Data records
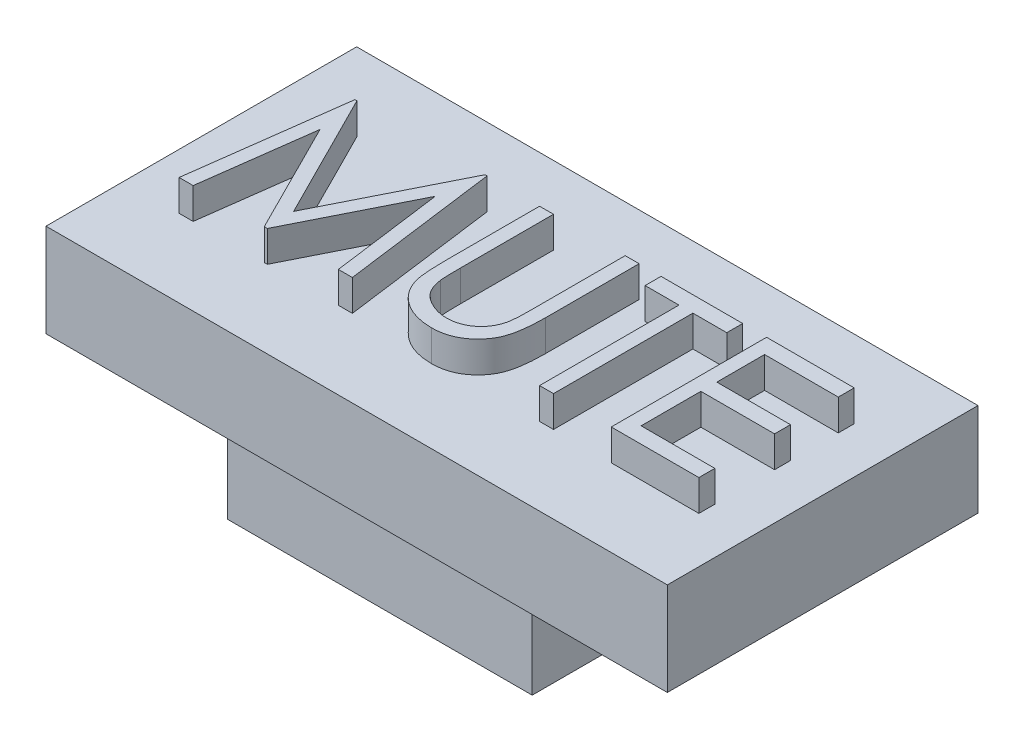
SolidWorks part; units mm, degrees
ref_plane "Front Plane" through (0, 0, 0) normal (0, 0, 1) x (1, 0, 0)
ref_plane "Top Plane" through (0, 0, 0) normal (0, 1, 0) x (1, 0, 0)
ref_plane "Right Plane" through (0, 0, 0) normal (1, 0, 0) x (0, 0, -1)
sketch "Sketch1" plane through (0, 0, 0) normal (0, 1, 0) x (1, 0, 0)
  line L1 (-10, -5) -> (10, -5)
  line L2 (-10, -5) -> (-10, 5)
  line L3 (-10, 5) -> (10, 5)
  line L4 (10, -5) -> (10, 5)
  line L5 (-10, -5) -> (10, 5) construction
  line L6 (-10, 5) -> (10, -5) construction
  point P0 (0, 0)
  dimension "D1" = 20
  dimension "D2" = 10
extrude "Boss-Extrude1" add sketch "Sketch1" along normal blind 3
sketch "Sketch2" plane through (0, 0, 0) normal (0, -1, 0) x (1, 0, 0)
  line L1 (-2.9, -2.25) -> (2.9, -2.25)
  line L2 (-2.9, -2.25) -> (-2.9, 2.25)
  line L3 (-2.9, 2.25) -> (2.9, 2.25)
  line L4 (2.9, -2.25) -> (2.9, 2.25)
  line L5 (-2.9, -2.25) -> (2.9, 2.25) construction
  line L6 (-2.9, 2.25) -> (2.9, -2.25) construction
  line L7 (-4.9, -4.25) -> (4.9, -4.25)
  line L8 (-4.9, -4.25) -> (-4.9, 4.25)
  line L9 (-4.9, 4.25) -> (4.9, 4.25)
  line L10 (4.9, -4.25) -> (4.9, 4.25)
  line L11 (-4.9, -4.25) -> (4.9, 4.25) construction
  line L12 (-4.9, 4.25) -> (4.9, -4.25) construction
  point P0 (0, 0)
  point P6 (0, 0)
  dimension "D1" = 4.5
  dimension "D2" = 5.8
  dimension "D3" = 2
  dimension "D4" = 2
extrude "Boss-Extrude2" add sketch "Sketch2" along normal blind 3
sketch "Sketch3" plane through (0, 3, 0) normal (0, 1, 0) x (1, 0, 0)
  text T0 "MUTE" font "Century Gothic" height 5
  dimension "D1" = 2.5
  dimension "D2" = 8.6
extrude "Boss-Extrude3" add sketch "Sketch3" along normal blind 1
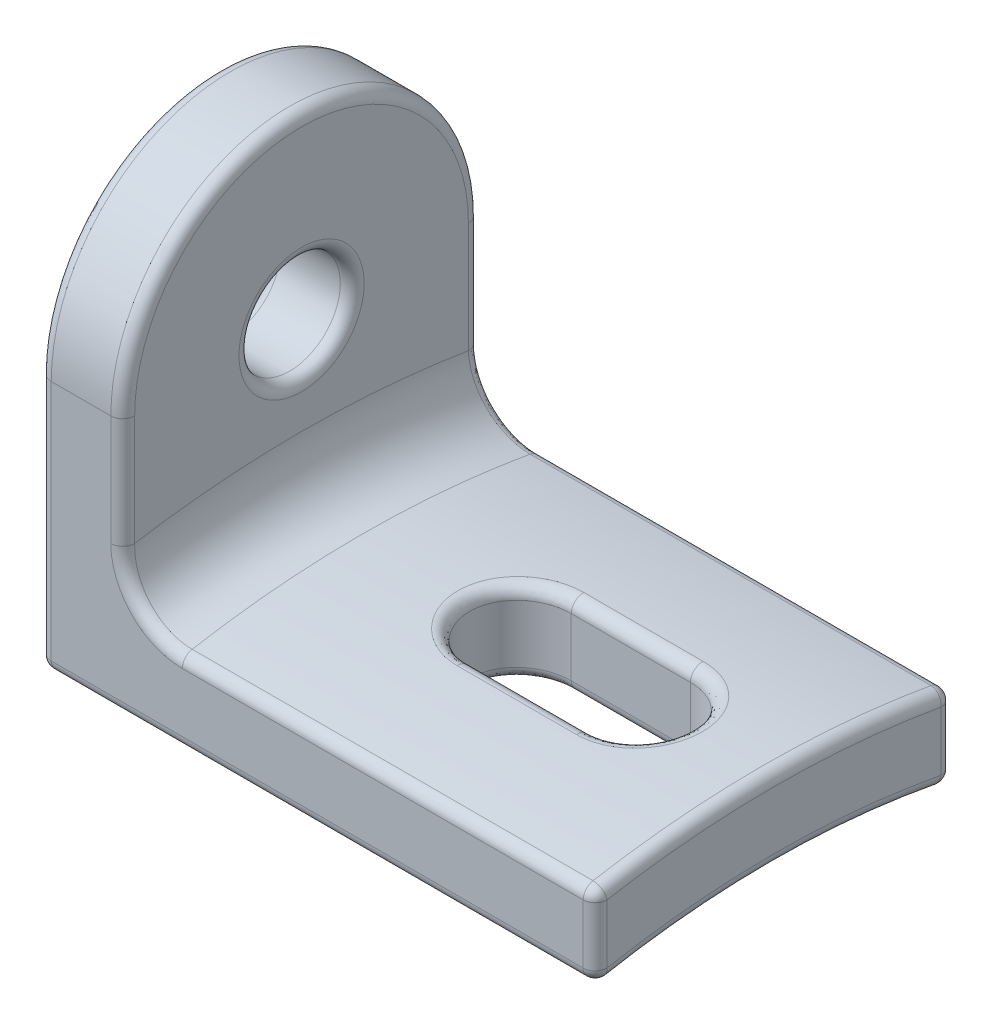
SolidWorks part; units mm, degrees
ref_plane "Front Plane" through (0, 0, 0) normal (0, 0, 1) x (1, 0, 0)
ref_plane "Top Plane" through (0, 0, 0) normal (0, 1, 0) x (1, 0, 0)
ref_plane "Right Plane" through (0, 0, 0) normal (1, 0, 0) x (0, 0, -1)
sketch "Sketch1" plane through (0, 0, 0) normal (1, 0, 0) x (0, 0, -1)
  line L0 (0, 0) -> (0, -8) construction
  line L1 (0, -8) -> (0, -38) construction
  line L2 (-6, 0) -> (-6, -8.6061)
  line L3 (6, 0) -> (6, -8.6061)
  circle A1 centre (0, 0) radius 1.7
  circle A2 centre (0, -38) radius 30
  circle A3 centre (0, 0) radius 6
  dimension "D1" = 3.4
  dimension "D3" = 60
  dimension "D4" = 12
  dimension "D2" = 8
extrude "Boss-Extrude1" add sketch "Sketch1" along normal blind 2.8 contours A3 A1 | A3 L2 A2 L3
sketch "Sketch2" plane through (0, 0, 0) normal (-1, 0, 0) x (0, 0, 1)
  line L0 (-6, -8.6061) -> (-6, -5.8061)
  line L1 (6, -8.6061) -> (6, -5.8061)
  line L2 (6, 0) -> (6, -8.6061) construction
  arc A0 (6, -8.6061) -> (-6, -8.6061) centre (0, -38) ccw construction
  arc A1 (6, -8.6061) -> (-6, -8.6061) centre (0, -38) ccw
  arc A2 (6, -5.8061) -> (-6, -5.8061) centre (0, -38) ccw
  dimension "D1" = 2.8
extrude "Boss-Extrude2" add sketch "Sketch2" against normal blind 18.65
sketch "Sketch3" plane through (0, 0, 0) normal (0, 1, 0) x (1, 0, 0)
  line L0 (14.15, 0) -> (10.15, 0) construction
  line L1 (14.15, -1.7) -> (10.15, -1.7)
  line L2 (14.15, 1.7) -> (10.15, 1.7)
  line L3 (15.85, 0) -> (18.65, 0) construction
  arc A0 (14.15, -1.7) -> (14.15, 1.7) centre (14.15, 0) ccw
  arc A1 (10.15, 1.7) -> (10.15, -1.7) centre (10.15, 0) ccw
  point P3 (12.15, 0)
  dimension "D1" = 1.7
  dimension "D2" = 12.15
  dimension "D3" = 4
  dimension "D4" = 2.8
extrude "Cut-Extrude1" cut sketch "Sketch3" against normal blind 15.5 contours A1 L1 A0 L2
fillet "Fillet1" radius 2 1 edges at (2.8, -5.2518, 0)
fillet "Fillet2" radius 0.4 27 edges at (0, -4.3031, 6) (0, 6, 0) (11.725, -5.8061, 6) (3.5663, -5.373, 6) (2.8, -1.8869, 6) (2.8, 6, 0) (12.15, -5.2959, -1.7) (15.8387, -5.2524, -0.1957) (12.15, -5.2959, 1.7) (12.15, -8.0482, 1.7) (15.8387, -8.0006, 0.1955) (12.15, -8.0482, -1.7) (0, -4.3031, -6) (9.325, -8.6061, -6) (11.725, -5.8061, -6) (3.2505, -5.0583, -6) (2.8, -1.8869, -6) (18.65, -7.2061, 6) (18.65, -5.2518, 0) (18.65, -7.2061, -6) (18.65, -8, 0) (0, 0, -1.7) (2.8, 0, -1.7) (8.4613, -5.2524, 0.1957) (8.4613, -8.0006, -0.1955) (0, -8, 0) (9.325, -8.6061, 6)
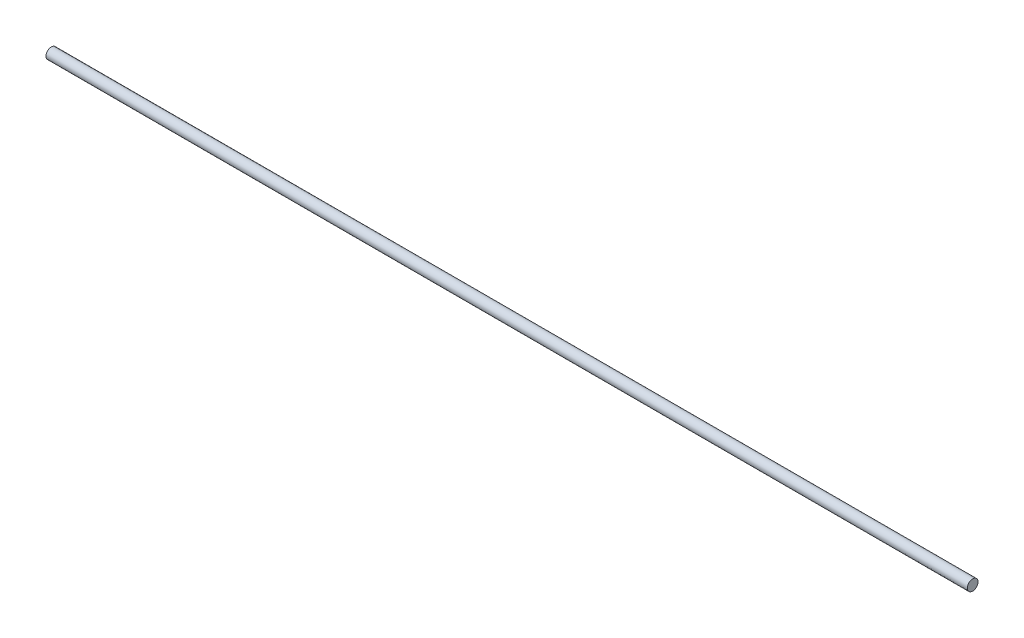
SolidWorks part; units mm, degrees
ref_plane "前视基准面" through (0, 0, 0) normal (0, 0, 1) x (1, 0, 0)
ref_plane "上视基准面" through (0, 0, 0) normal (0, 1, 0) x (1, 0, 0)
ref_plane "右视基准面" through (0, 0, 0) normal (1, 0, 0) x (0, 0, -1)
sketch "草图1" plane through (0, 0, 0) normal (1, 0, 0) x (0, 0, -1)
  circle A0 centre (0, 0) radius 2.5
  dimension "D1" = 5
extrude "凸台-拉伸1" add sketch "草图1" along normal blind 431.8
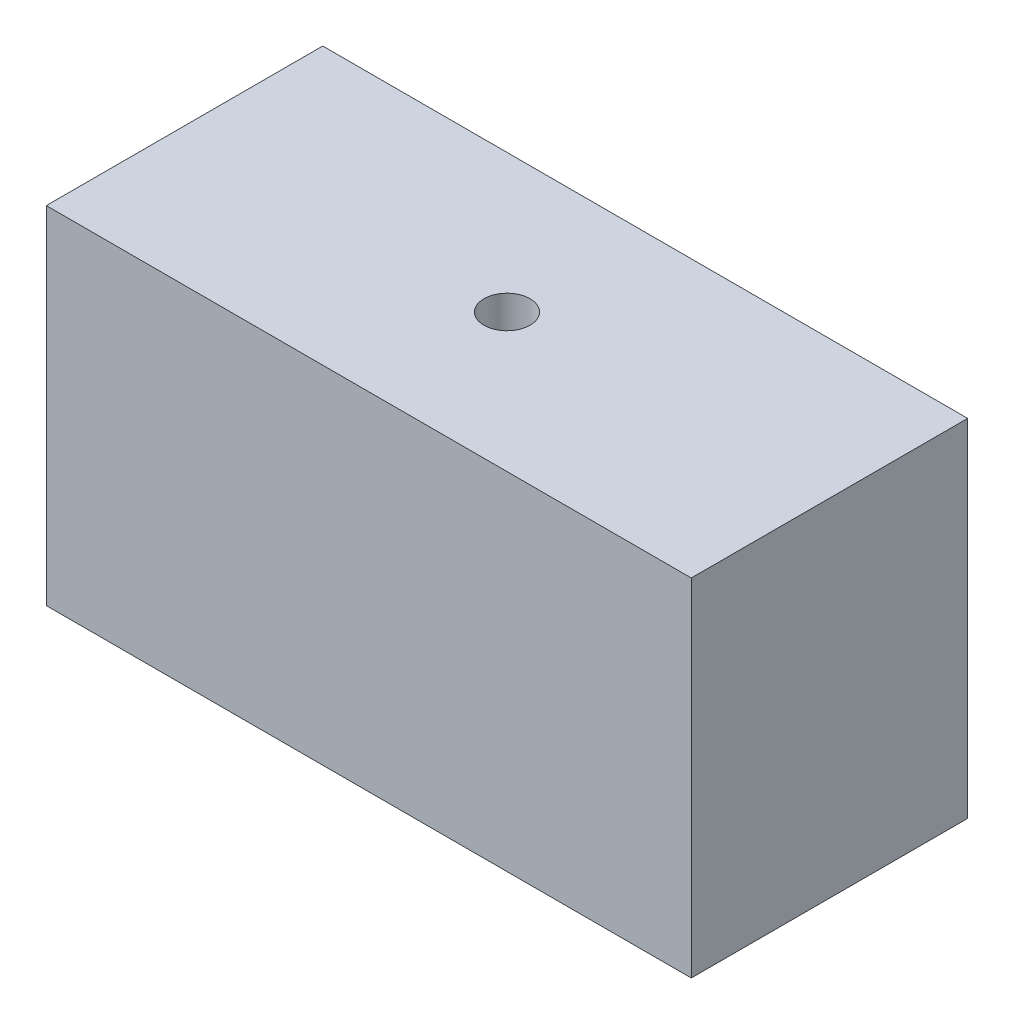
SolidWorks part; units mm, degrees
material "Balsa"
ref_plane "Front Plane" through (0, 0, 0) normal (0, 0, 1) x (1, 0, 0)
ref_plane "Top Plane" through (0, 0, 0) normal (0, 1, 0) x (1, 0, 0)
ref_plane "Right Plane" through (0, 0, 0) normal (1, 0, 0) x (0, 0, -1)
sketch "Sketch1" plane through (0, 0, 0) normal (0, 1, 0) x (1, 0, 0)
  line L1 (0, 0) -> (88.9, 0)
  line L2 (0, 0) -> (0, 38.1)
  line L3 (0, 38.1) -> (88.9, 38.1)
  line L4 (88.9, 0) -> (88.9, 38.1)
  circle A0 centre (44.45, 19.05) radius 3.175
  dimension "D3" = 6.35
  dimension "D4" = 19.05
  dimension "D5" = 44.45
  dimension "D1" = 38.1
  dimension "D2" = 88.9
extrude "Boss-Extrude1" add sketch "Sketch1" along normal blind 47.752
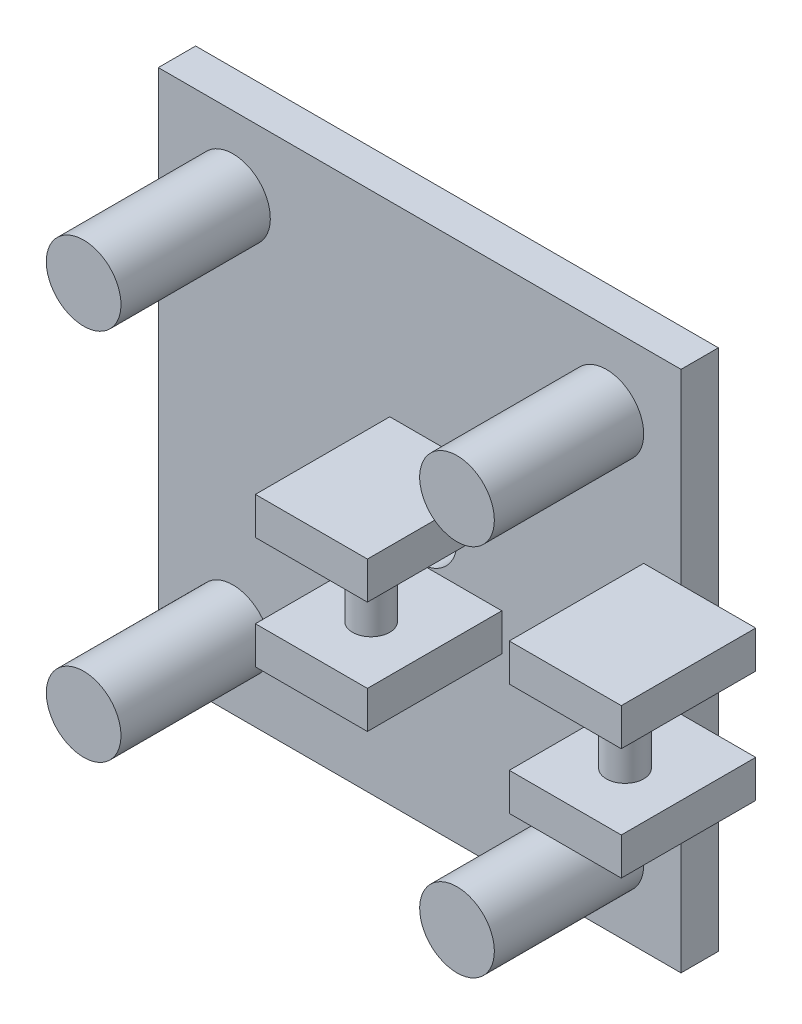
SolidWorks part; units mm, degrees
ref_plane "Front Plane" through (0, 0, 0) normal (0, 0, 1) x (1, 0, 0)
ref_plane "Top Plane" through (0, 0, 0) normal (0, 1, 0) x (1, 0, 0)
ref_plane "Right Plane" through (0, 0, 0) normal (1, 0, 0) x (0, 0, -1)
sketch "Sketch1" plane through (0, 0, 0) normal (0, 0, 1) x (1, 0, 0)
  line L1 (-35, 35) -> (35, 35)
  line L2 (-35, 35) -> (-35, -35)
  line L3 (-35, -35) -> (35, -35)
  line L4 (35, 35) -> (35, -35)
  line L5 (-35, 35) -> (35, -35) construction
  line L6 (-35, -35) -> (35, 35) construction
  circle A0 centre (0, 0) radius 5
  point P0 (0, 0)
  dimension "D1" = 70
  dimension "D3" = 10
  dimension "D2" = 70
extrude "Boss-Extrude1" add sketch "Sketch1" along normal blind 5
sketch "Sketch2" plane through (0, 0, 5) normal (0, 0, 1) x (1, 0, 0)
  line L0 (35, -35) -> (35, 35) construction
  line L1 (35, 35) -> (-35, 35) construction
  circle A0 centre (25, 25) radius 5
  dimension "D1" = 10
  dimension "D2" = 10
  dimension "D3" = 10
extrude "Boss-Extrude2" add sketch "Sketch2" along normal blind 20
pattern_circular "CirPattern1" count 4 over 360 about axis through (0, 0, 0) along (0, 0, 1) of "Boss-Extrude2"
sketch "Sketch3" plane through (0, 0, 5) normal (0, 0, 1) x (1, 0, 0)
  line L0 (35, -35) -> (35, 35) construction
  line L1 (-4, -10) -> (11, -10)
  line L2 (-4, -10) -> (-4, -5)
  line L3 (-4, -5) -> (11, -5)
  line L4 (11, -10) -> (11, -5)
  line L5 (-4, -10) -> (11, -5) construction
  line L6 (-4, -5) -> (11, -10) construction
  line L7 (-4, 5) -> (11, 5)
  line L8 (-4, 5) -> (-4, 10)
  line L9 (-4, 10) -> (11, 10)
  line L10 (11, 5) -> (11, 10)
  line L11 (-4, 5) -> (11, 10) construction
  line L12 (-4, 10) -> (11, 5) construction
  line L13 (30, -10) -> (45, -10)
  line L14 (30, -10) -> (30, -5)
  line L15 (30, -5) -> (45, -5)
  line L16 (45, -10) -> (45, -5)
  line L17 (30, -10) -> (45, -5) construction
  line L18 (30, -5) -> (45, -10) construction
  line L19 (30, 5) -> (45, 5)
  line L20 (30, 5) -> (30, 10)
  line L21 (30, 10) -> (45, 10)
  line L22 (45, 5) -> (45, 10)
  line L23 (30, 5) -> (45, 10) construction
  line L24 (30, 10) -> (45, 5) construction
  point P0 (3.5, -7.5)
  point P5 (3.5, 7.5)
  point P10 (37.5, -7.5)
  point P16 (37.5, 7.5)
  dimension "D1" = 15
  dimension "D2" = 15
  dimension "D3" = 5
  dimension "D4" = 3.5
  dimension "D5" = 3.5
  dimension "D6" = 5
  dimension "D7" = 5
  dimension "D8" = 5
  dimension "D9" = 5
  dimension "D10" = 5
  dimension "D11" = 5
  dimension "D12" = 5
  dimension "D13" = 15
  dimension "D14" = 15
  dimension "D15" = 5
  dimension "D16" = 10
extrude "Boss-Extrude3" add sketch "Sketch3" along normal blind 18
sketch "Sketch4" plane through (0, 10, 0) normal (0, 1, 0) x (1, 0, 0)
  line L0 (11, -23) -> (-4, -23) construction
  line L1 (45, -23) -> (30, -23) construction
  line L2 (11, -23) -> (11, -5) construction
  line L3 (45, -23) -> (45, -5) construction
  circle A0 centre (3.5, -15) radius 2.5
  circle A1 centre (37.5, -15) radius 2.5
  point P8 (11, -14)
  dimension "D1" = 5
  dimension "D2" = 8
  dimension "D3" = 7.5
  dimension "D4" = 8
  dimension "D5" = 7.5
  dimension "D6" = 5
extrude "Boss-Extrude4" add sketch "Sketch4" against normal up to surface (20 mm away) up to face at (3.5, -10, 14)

Problem to work on
From the data above, output only the lines between the line containing "line L6 (-10, 5) -> (10, -5) construction" and the line containing "line L5 (-2.9, -2.25)", inclusive, exactly as written.

Result
  line L6 (-10, 5) -> (10, -5) construction
  point P0 (0, 0)
  dimension "D1" = 20
  dimension "D2" = 10
extrude "Boss-Extrude1" add sketch "Sketch1" along normal blind 3
sketch "Sketch2" plane through (0, 0, 0) normal (0, -1, 0) x (1, 0, 0)
  line L1 (-2.9, -2.25) -> (2.9, -2.25)
  line L2 (-2.9, -2.25) -> (-2.9, 2.25)
  line L3 (-2.9, 2.25) -> (2.9, 2.25)
  line L4 (2.9, -2.25) -> (2.9, 2.25)
  line L5 (-2.9, -2.25) -> (2.9, 2.25) construction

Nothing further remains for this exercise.